As an example, let us consider a cooperative operation of "If the outside air is fresh, turn off the air conditioner and open the window". In case of humans operate, this behavior does not occur if no one is in the house, however, this behavior can occur in IoT whether the user is in the house or not. And your house can be entered by a thief if you are absence and unlucky. In this example, the threat of being entered by a thief can occur by competing for the action of "opening the window" and the situation of "absence". For this reason, a mechanism for avoiding the occurrence of such threats is required when we make inter-connection. This can be realized by not permitting the target operation when the combination causing the threat as described above. This mechanism checks the movement of operations. In Japan, about 400 years ago, the Shogunate (government) had set up the checkpoints of human traffic, called the "sekisho." So, we are calling tentatively this mechanism SEKISHO after this fact.

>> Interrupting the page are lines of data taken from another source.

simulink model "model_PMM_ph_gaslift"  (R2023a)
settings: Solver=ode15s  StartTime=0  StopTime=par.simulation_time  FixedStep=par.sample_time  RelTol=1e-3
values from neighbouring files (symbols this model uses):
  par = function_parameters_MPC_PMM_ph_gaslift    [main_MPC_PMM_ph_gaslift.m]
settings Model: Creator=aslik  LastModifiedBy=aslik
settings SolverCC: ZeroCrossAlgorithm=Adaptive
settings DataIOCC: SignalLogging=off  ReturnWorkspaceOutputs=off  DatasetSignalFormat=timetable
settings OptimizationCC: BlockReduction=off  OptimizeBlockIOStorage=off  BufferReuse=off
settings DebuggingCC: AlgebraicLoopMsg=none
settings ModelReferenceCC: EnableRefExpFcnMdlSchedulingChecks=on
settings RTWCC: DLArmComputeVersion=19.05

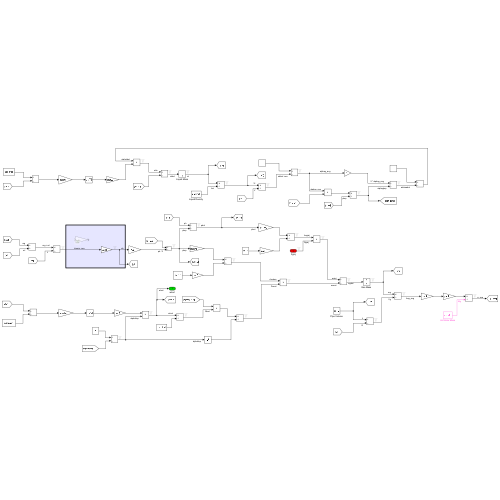
[thumbnail: Simulink's stored preview of the top-level diagram]
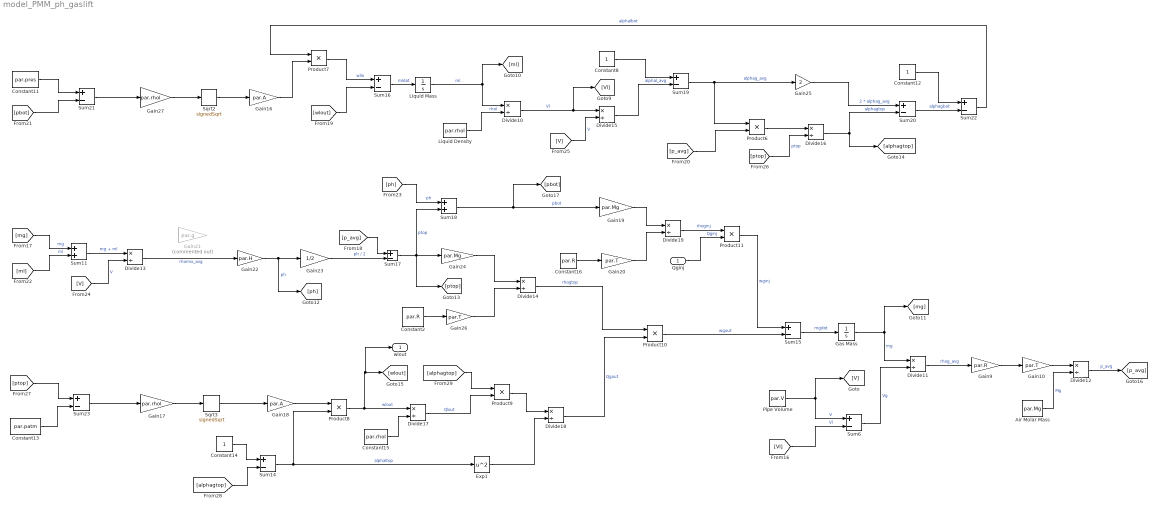
== system model_PMM_ph_gaslift ==
  Qginj : Inport
  Air Molar Mass : Constant  Value=par.Mg  OutDataTypeStr=double
  Constant11 : Constant  Value=par.pres  OutDataTypeStr=double
  Constant12 : Constant  OutDataTypeStr=double
  Constant13 : Constant  Value=par.patm  OutDataTypeStr=double
  Constant14 : Constant  OutDataTypeStr=double
  Constant15 : Constant  Value=par.rhol  OutDataTypeStr=double
  Constant16 : Constant  Value=par.R  OutDataTypeStr=double
  Constant2 : Constant  Value=par.R  OutDataTypeStr=double
  Constant8 : Constant  OutDataTypeStr=double
  Divide{10..19} (10 alike) : Product  Inputs=*/
  Exp1 : Math  Operator=square
  Gain10 : Gain  Gain=par.T
  Gain16 : Gain  Gain=par.A
  Gain17 : Gain  Gain=par.rhol
  Gain18 : Gain  Gain=par.A
  Gain19 : Gain  Gain=par.Mg
  Gain20 : Gain  Gain=par.T
  Gain21 : Gain  Commented=on  Gain=par.g
  Gain22 : Gain  Gain=par.H
  Gain23 : Gain  Gain=1/2
  Gain24 : Gain  Gain=par.Mg
  Gain25 : Gain  Gain=2
  Gain26 : Gain  Gain=par.T
  Gain27 : Gain  Gain=par.rhol
  Gain9 : Gain  Gain=par.R
  "Gas Mass " : Integrator  InitialCondition=par.mg0  LowerSaturationLimit=0  ContinuousStateAttributes='mg'
  Liquid Density : Constant  Value=par.rhol  OutDataTypeStr=double
  Liquid Mass : Integrator  InitialCondition=par.ml0  LowerSaturationLimit=0  ContinuousStateAttributes='ml'
  Pipe Volume : Constant  Value=par.V  OutDataTypeStr=double
  Product{6..11} (6 alike) : Product
  Sqrt2 : Sqrt  Operator=signedSqrt
  Sqrt3 : Sqrt  Operator=signedSqrt
  Sum11 : Sum
  Sum{6,14..17,19..23} (10 alike) : Sum  Inputs=+-
  Sum18 : Sum
  wlout : Outport
  wires:
  Sum19/1 -> Product6/1, Gain25/1  "alphag_avg"
  Constant2/1 -> Gain26/1
  Gain18/1 -> Product8/1
  Product10/1 -> Sum15/2  "wgout"
  Constant13/1 -> Sum23/2
  Sum6/1 -> Divide11/2  "Vg"
  Liquid Density/1 -> Divide10/2  "rhol"
  Sum11/1 -> Divide13/1  "mg + ml"
  Liquid Mass/1 -> [ml], Divide10/1  "ml"
  Gain17/1 -> Sqrt3/1
  [mg] -> Sum11/1  "mg"
  Gain22/1 -> [ph], Gain23/1  "ph"
  [pbot] -> Sum21/2
  Sum20/1 -> Sum22/2  "alphagbot"
  Sum18/1 -> [pbot], Gain19/1  "pbot"
  Air Molar Mass/1 -> Divide12/2  "Mg"
  Product9/1 -> Divide18/1
  [V] -> Divide13/2  "V"
  [wlout] -> Sum16/2
  [ml] -> Sum11/2  "ml"
  [p_avg] -> Sum17/1
  [Vl] -> Sum6/2  "Vl"
  Sum21/1 -> Gain27/1
  Gain10/1 -> Divide12/1
  Gain20/1 -> Divide19/2
  Pipe Volume/1 -> [V], Sum6/1  "V"
  [ptop] -> Divide16/2  "ptop"
  Exp1/1 -> Divide18/2
  Divide18/1 -> Product10/2  "Qgout"
  Constant12/1 -> Sum22/1
  Gain23/1 -> Sum17/2  "ph / 2"
  Gain9/1 -> Gain10/1
  Qginj/1 -> Product11/2  "Qginj"
  Sum15/1 -> "Gas Mass "/1  "mgdot"
  [alphagtop] -> Product9/1
  Gain19/1 -> Divide19/1
  Constant15/1 -> Divide17/2
  Sum23/1 -> Gain17/1
  Constant14/1 -> Sum14/1
  Divide12/1 -> [p_avg]  "p_avg"
  Gain16/1 -> Product7/2
  Gain27/1 -> Sqrt2/1
  Product6/1 -> Divide16/1
  Gain24/1 -> Divide14/1
  Divide10/1 -> Divide15/1, [Vl]  "Vl"
  [ptop] -> Sum23/1
  Divide17/1 -> Product9/2  "Qlout"
  [ph] -> Sum18/1  "ph"
  Sum14/1 -> Product8/2, Exp1/1  "alphaltop"
  Divide16/1 -> [alphagtop], Sum20/2  "alphagtop"
  Constant16/1 -> Gain20/1
  Gain26/1 -> Divide14/2
  "Gas Mass "/1 -> [mg], Divide11/1  "mg"
  Sum22/1 -> Product7/1  "alphalbot"
  [alphagtop] -> Sum14/2
  Product8/1 -> wlout/1, [wlout], Divide17/1  "wlout"
  Divide11/1 -> Gain9/1  "rhog_avg"
  [p_avg] -> Product6/2
  Product11/1 -> Sum15/1  "wginj"
  Constant8/1 -> Sum19/1
  Sum16/1 -> Liquid Mass/1  "mldot"
  Constant11/1 -> Sum21/1
  [V] -> Divide15/2  "V"
  Divide13/1 -> Gain22/1  "rhomix_avg"
  Product7/1 -> Sum16/1  "wlin"
  Divide15/1 -> Sum19/2  "alphal_avg"
  Sum17/1 -> Gain24/1, Sum18/2, [ptop]  "ptop"
  Gain25/1 -> Sum20/1  "2 * alphag_avg"
  Divide14/1 -> Product10/1  "rhogtop"
  Divide19/1 -> Product11/1  "rhoginj"
  Sqrt3/1 -> Gain18/1
  Sqrt2/1 -> Gain16/1

Regarding security, pattern 2 of service providers specified in Chapter 5 may contain some vulnerability and thus precaution is required.

Regarding privacy, Chapter 2 touches upon concerns on privacy among inter-connected service providers in case of fault isolation after IoT Device malfunctioning.

This document has no actions for IANA.

This paper contains findings of the study funded by the Ministry of Internal Affairs and Communications of Japan as well as research activities of IoT Committee of Internet Association Japan. We hereby touch upon such facts and show our gratitude to those who relate to the study and committee activities.